Couverture Arne Næss est le père fondateur du courant de l’écologie profonde (Deep ecology) qui affirme le caractère relationnel de toutes choses ainsi que la valeur intrinsèque des différentes formes de vie, ce qui conduit à en louer la richesse et la diversité.
Or, dans le meilleur des cas, la dimension politique de cette écologie a été déclarée impuissante, voire ignorée ; dans le pire, on a dénoncé son incompatibilité avec la démocratie. On l’a même accusée de nourrir un discours écofasciste.
Ce volume consacré à la politique de l’écologie profonde a pour ambition de dévoiler cette part méconnue de la pensée du grand auteur norvégien en la situant par rapport à certains de ses inspirateurs (Spinoza, Gandhi) et en la mettant en relation, de manière critique, avec les thèses de l’écoféminisme, de l’écologie sociale et du pragmatisme.
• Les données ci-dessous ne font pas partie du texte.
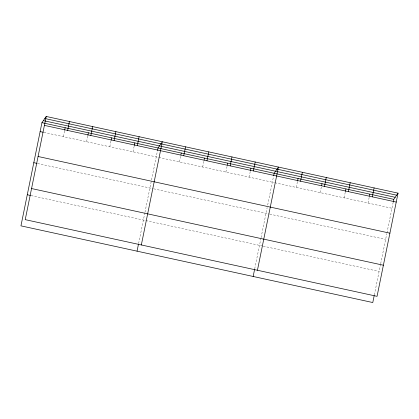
<?xml version="1.0" encoding="UTF-8"?>
<svg xmlns="http://www.w3.org/2000/svg" width="419" height="419" viewBox="0 0 419 419"><rect width="100%" height="100%" fill="white"/><g stroke="black" fill="none" stroke-linecap="round" stroke-linejoin="round"><path stroke-width="0.31" stroke-dasharray="2.1 1.57" d="M63.353 136.646L64.516 130.911M86.571 141.706L87.87 135.337M109.794 146.77L110.956 141.035M133.012 151.83L134.18 146.095M138.605 243.544L144.817 212.999M144.948 212.36L157.397 151.154M179.452 161.954L180.62 156.219M202.676 167.013L203.838 161.278M225.893 172.073L227.061 166.338M249.116 177.132L250.279 171.402M254.705 268.846L260.922 238.306M261.053 237.667L267.17 207.594M267.683 205.053L273.502 176.462M296.259 187.408L297.427 181.678M320.184 192.625L321.478 186.256M344.109 197.841L345.403 191.467M368.034 203.053L369.328 196.684M374.329 294.924L380.541 264.379M380.672 263.74L386.789 233.666M386.92 233.027L393.252 201.895M43.895 132.404L158.115 157.303M158.743 157.439L274.225 182.605M274.854 182.747L391.959 208.269M37.563 163.515L153.04 188.686M153.668 188.822L269.155 213.994M269.784 214.13L385.627 239.38M31.043 195.568L262.634 246.042M263.263 246.183L379.106 271.428"/><path stroke-width="0.63" d="M46.221 116.461L25.229 219.65L377.058 296.333L398.05 193.143L46.221 116.461L41.942 122.667L20.95 225.857L372.779 302.539L374.198 295.557M64.646 130.278L65.165 127.727M67.627 130.44L69.444 121.52M87.87 135.337L88.388 132.786M90.85 135.499L92.662 126.585M111.087 140.396L111.606 137.851M114.068 140.564L115.885 131.645M134.31 145.456L134.829 142.91M137.291 145.623L139.103 136.704M137.055 251.159L138.474 244.177M157.528 150.521L158.047 147.97L162.326 141.763L141.334 244.958M180.877 154.946L181.27 153.035M183.732 155.748L185.549 146.828M204.1 160.006L204.488 158.094M206.955 160.807L208.767 151.888M227.318 165.065L227.711 163.153M230.172 165.866L231.99 156.947M250.41 170.763L250.929 168.218M253.395 170.931L255.208 162.012M253.155 276.467L254.579 269.485M273.633 175.823L274.152 173.277L278.431 167.071L257.434 270.26M297.558 181.039L298.077 178.489M300.538 181.207L302.35 172.288M321.609 185.617L321.996 183.705M324.463 186.418L326.275 177.499M345.403 191.467L345.921 188.922M348.388 191.635L350.2 182.715M369.458 196.045L369.846 194.133M372.313 196.846L374.125 187.932M393.252 201.895L393.771 199.35L398.05 193.143M44.812 118.509L396.636 195.191M43.356 120.62L395.185 197.302M41.942 122.667L393.771 199.35M44.409 125.381L396.238 202.063M40.13 131.587L43.267 132.268M38.077 156.491L389.906 233.174M33.803 162.692L36.94 163.379M31.556 188.54L383.385 265.227M27.277 194.746L30.419 195.432"/></g></svg>
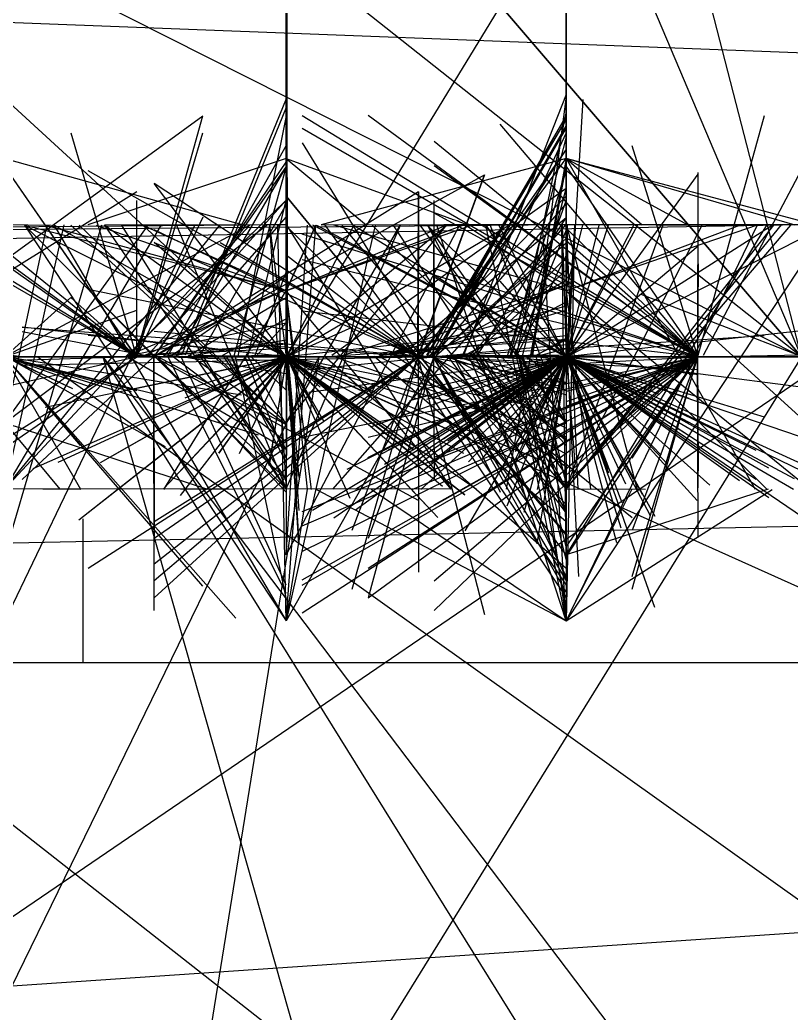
# Model space of a CAD drawing. Header units: metres. Extents: x -200 to 165, y -189 to 191.
# Drawn here: x -0.71 to 8.05, y -3.98 to 7.3 of the extents above; entities that cross this region are included whole.
import ezdxf

# ---------------------------------------------------------------- set-up
doc = ezdxf.new("R2010")
doc.units = ezdxf.units.M

msp = doc.modelspace()

# ---------------------------------------------------------------- linework, layer by layer
at = {"layer": 'MCD_Layer_0'}
for p, q in [((8.164501, 3.473198), (-39.835499, 189.889214)), ((8.164501, 3.473198), (-64.585499, 175.082573)), ((2.313, 3.473198), (2.313, 171.473198)), ((8.164501, 3.473198), (-182.300343, 99.484917)), ((-74.171436, 99.537651), (8.164501, 3.473198)), ((8.164501, 3.473198), (-74.171436, 99.537651)), ((-102.136219, 99.221245), (2.313, 3.473198)), ((60.678234, 99.197807), (2.313, 3.473198)), ((5.4915, 3.473198), (5.4915, 95.723198)), ((2.313, 3.473198), (2.313, 87.484917)), ((2.313, 87.484917), (2.313, 3.473198)), ((5.4915, 3.473198), (5.4915, 87.484917)), ((5.4915, 87.484917), (5.4915, 3.473198)), ((8.164501, 3.473198), (-67.772999, 63.584526)), ((2.324718, 3.473198), (2.313, 51.473198)), ((2.313, 3.473198), (2.313, 51.473198)), ((-77.26228, 14.506401), (-0.674389, 3.473198)), ((-141.687, 12.684135), (98.061047, 3.473198)), ((2.313, 3.473198), (2.313, 6.473198)), ((2.313, 6.473198), (2.313, 3.473198)), ((5.4915, 6.44976), (4.327041, 3.490685)), ((5.4915, 3.473198), (5.4915, 6.473198)), ((5.4915, 6.473198), (5.4915, 3.473198)), ((2.313, 6.402885), (1.123455, 3.490685)), ((5.111922, 3.478966), (5.4915, 6.402885)), ((5.68193, 6.395195), (5.508986, 3.473198)), ((0.610187, 3.473198), (-3.885327, 6.20916)), ((-2.395214, 3.473198), (1.364673, 6.20916)), ((0.603046, 3.473198), (1.364673, 6.20916)), ((2.313, 6.303276), (1.162457, 3.490685)), ((2.313, 6.209526), (1.763958, 3.478966)), ((6.985366, 3.473198), (2.4915, 6.20916)), ((6.982894, 3.473198), (3.2415, 6.214104)), ((5.4915, 6.209526), (3.906631, 3.490685)), ((3.950301, 3.478966), (5.4915, 6.209526)), ((5.4915, 6.259331), (4.922957, 3.478966)), ((7.7415, 6.20916), (6.985915, 3.473198)), ((3.914321, 3.478966), (5.4915, 6.162651)), ((5.4915, 6.098198), (3.981063, 3.473198)), ((6.985366, 3.473198), (4.7415, 6.113121)), ((-0.135327, 6.017174), (0.611286, 3.473198)), ((0.613209, 3.473198), (1.364673, 6.017174)), ((6.98619, 3.473198), (2.4915, 6.065147)), ((5.4915, 6.073479), (3.983169, 3.473198)), ((5.4915, 6.016167), (4.315047, 3.490685)), ((2.313, 5.872612), (0.962963, 3.478966)), ((2.4915, 5.901268), (3.985366, 3.473198)), ((3.9915, 5.921135), (6.990127, 3.473198)), ((5.4915, 5.972221), (4.852462, 3.478966)), ((6.989486, 3.473198), (6.2415, 5.868217)), ((3.847487, 3.478966), (5.4915, 5.822807)), ((5.4915, 5.828667), (3.973464, 3.478966)), ((-0.885327, 5.723198), (1.850635, 4.963219)), ((2.313, 5.723198), (0.056957, 4.971184)), ((0.815929, 3.478966), (2.313, 5.682182)), ((2.313, 5.723198), (3.224957, 4.968895)), ((2.313, 5.723198), (4.376965, 4.97036)), ((2.313, 3.473198), (2.313, 5.682182)), ((2.313, 3.473198), (2.313, 5.679253)), ((5.4915, 5.723198), (2.707473, 4.971825)), ((3.841445, 3.478966), (5.4915, 5.723198)), ((6.989486, 3.473198), (3.9915, 5.643089)), ((5.4915, 5.723198), (4.809524, 1.968346)), ((5.10295, 3.478966), (5.4915, 5.641167)), ((8.323501, 4.969627), (5.4915, 5.723198)), ((8.093429, 4.968437), (5.4915, 5.723198)), ((5.4915, 5.723198), (7.641524, 1.967796)), ((5.4915, 5.723198), (6.883468, 4.968712)), ((5.4915, 5.723198), (6.355483, 4.97155)), ((0.608906, 3.473198), (-0.885327, 5.633202)), ((0.611561, 3.473198), (-0.885327, 5.633202)), ((3.808239, 3.473198), (0.063, 5.585136)), ((2.313, 5.633202), (0.80888, 3.473198)), ((0.809155, 3.473198), (4.563, 5.537163)), ((2.313, 5.635307), (1.060467, 3.478966)), ((2.313, 5.632378), (1.716717, 3.478966)), ((3.808697, 3.473198), (4.563, 5.537163)), ((4.563, 5.537163), (3.810162, 3.473198)), ((5.4915, 5.588432), (4.820968, 3.478966)), ((5.4915, 5.633202), (6.990127, 3.473198)), ((5.4915, 3.473198), (6.9915, 5.547142)), ((6.988387, 3.473198), (6.9915, 5.565269)), ((7.053417, 3.490685), (8.164501, 5.597221)), ((2.313, 3.473198), (0.813, 5.441124)), ((3.808697, 3.473198), (0.813, 5.441124)), ((0.614673, 5.345177), (-2.390728, 3.473198)), ((3.813, 5.345177), (0.808697, 3.473198)), ((2.829879, 3.490685), (5.4915, 5.389214)), ((3.80769, 3.473198), (3.813, 5.345177)), ((3.813, 5.345177), (3.81126, 3.473198)), ((5.4915, 5.395073), (4.992721, 3.478966)), ((6.987746, 3.473198), (6.9915, 5.388206)), ((-1.635327, 5.297112), (0.611194, 3.473198)), ((0.491924, 3.478966), (2.313, 5.251518)), ((0.613026, 3.473198), (0.614673, 5.249138)), ((0.737926, 3.490685), (2.313, 5.251518)), ((2.313, 5.201714), (1.329723, 3.490685)), ((1.87492, 3.478966), (2.313, 5.248589)), ((2.313, 5.297203), (3.805859, 3.473198)), ((3.810802, 3.473198), (2.313, 5.297203)), ((2.313, 3.473198), (2.313, 5.248589)), ((3.708602, 3.490685), (5.4915, 5.298393)), ((3.979415, 3.473198), (5.4915, 5.211143)), ((3.986281, 3.473198), (3.9915, 5.249138)), ((3.98738, 3.473198), (3.9915, 5.249138)), ((5.4915, 5.251518), (4.863723, 3.478966)), ((5.4915, 3.473198), (5.4915, 5.207573)), ((0.610187, 3.473198), (-1.635327, 5.105125)), ((2.313, 5.160973), (2.313, 3.473198)), ((6.986373, 3.473198), (3.9915, 5.105125)), ((5.4915, 5.160973), (5.4915, 3.473198)), ((5.4915, 3.473198), (5.4915, 5.160973)), ((-160.507313, 3.842339), (2.313, 4.973198)), ((-130.252641, 3.842339), (5.4915, 4.973198)), ((-57.021046, 3.842339), (8.164501, 4.973198)), ((-0.885327, 4.973198), (-0.357342, 4.96743)), ((1.274677, 4.971825), (-0.885327, 0.473198)), ((-0.885327, 2.723198), (0.746601, 4.97155)), ((-0.885327, 1.223198), (0.218616, 4.971458)), ((-0.885327, 1.973198), (1.562611, 4.971458)), ((-0.213329, 4.970085), (-0.885327, 1.973198)), ((0.890613, 4.96981), (-0.885327, 1.973198)), ((-0.885327, 2.723198), (-0.405407, 4.969719)), ((-0.885327, 2.723198), (2.090595, 4.968987)), ((1.898609, 4.967888), (-0.885327, 3.473198)), ((1.898609, 4.967888), (-0.885327, 1.973198)), ((-0.663013, 4.967796), (2.313, 0.473198)), ((-0.663013, 4.967796), (2.313, 3.473198)), ((-0.663013, 4.967796), (2.313, 1.973198)), ((-0.663013, 4.966331), (2.313, 0.473198)), ((-0.663013, 4.966331), (2.313, 3.473198)), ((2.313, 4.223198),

La mise au jour de ses sources et la restitution des débats avec ses détracteurs révèlent l’actualité de la philosophie de Næss d’une manière qui ne se contente pas de l’aider ainsi à retrouver sa juste place au sein de l’histoire de la philosophie et de la pensée écologique, mais aide aussi à s’interroger sur les voies d’avenir de la pensée écologique et sur son volet politique.
En rejetant les tentations autoritaires, en assumant le meilleur de la tradition démocratique, en intégrant le souci de justice sociale au sein d’une réflexion qui s’interroge sur l’être de la nature, le père fondateur de l’écologie profonde contribue au renouvellement d’une démocratie devant se mettre à la hauteur des enjeux sociaux et écologiques du XXIe siècle.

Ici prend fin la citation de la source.